* Work task
Starting at the first line of the entries below, restate each line exactly until you reach the line with "# Sketch1 → Boss-Extrude1 (new body)", and print that one too. Leave the pictures out and stop there.

Dataset excerpts
[Start of section]

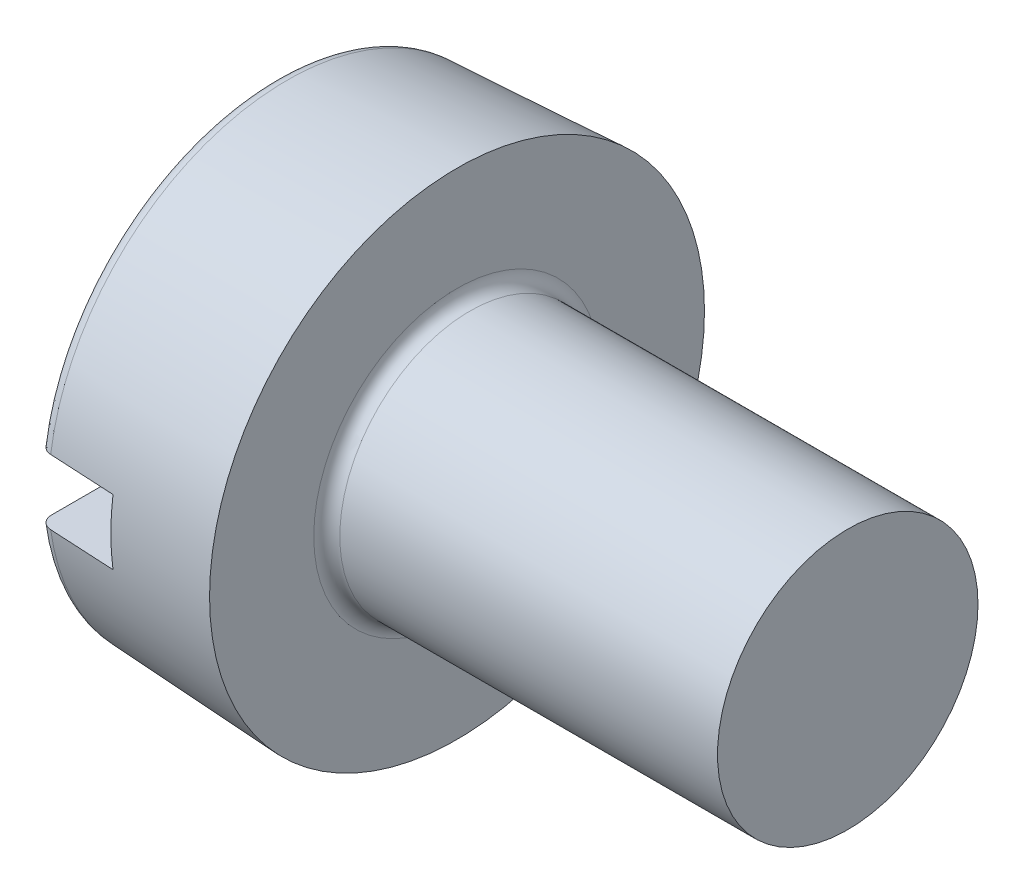
from build123d import *

# Parameters (mm, degrees)
SKETCH2_R       = 1.9
BASEHEAD_DEPTH  = 1.4
BASEHEAD_DRAFT  = -3
SKETCH3_R       = 1
BASEBODY_DEPTH  = 3
SLOT_DEPTH      = 8.598684097
SLOT_DEPTH_BACK = 8.598684097
SKETCH4_W       = 0.5
SKETCH4_H       = 0.6
HEADFILLET_R    = 0.1


with BuildPart() as part:
    # Sketch2 → BaseHead (with draft: the straight prism first)
    with BuildSketch(Plane(origin=(1.4, 0, 0), x_dir=(0, 0, -1), z_dir=(1, 0, 0))):
        Circle(SKETCH2_R)
    extrude(amount=-BASEHEAD_DEPTH)
    # BaseHead: the draft: its side faces are tilted about the plane it starts from
    basehead_sides = [part.faces().sort_by_distance(p)[0] for p in [
        (0.7, 0, 1.9),
    ]]
    draft(basehead_sides, Plane(origin=(1.4, 0, 0), x_dir=(0, 0, -1), z_dir=(1, 0, 0)), BASEHEAD_DRAFT)

    # Sketch3 → BaseBody (add)
    with BuildSketch(Plane(origin=(1.4, -1.110095321, -1.354392991), x_dir=(0, 0, -1), z_dir=(1, 0, 0))):
        with Locations((-1.354392991, 1.110095321)):
            Circle(SKETCH3_R)
    extrude(amount=BASEBODY_DEPTH)

    # Sketch4 → Slot (cut, two sides: drawn at the far end of the back side and taken through both)
    with BuildSketch(Plane(origin=(-1.9, -1.9, 0), x_dir=(0, 1, 0), z_dir=(0, 0, 1)).offset(-SLOT_DEPTH_BACK)):
        with Locations((1.9, -2.2)):
            Rectangle(SKETCH4_W, SKETCH4_H)
    extrude(amount=SLOT_DEPTH + SLOT_DEPTH_BACK, mode=Mode.SUBTRACT)

    # HeadFillet
    headfillet_edges = [part.edges().sort_by_distance(p)[0] for p in [
        (1.4, 0, 1),
        (0, -1.826629109, 0),
        (0, 1.826629109, 0),
    ]]
    fillet(headfillet_edges, radius=HEADFILLET_R)


solid = part.part
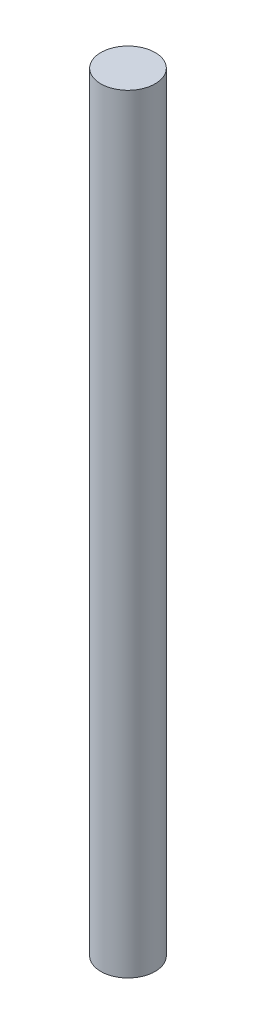
from build123d import *

# Parameters (mm, degrees)
SKETCH1_R           = 6
BOSS_EXTRUDE1_DEPTH = 170


with BuildPart() as part:
    # Sketch1 → Boss-Extrude1 (new body)
    with BuildSketch(Plane(origin=(0, 0, 0), x_dir=(1, 0, 0), z_dir=(0, 1, 0))):
        with Locations(Location((0, 0, 0), (0, 0, 270))):
            Circle(SKETCH1_R)
    extrude(amount=BOSS_EXTRUDE1_DEPTH)


solid = part.part

[End of section]

* Answer area
from build123d import *

# Parameters (mm, degrees)
SKETCH2_R       = 1.9
BASEHEAD_DEPTH  = 1.4
BASEHEAD_DRAFT  = -3
SKETCH3_R       = 1
BASEBODY_DEPTH  = 3
SLOT_DEPTH      = 8.598684097
SLOT_DEPTH_BACK = 8.598684097
SKETCH4_W       = 0.5
SKETCH4_H       = 0.6
HEADFILLET_R    = 0.1


with BuildPart() as part:
    # Sketch2 → BaseHead (with draft: the straight prism first)
    with BuildSketch(Plane(origin=(1.4, 0, 0), x_dir=(0, 0, -1), z_dir=(1, 0, 0))):
        Circle(SKETCH2_R)
    extrude(amount=-BASEHEAD_DEPTH)
    # BaseHead: the draft: its side faces are tilted about the plane it starts from
    basehead_sides = [part.faces().sort_by_distance(p)[0] for p in [
        (0.7, 0, 1.9),
    ]]
    draft(basehead_sides, Plane(origin=(1.4, 0, 0), x_dir=(0, 0, -1), z_dir=(1, 0, 0)), BASEHEAD_DRAFT)

    # Sketch3 → BaseBody (add)
    with BuildSketch(Plane(origin=(1.4, -1.110095321, -1.354392991), x_dir=(0, 0, -1), z_dir=(1, 0, 0))):
        with Locations((-1.354392991, 1.110095321)):
            Circle(SKETCH3_R)
    extrude(amount=BASEBODY_DEPTH)

    # Sketch4 → Slot (cut, two sides: drawn at the far end of the back side and taken through both)
    with BuildSketch(Plane(origin=(-1.9, -1.9, 0), x_dir=(0, 1, 0), z_dir=(0, 0, 1)).offset(-SLOT_DEPTH_BACK)):
        with Locations((1.9, -2.2)):
            Rectangle(SKETCH4_W, SKETCH4_H)
    extrude(amount=SLOT_DEPTH + SLOT_DEPTH_BACK, mode=Mode.SUBTRACT)

    # HeadFillet
    headfillet_edges = [part.edges().sort_by_distance(p)[0] for p in [
        (1.4, 0, 1),
        (0, -1.826629109, 0),
        (0, 1.826629109, 0),
    ]]
    fillet(headfillet_edges, radius=HEADFILLET_R)


solid = part.part
from build123d import *

# Parameters (mm, degrees)
SKETCH1_R           = 6
BOSS_EXTRUDE1_DEPTH = 170


with BuildPart() as part:
    # Sketch1 → Boss-Extrude1 (new body)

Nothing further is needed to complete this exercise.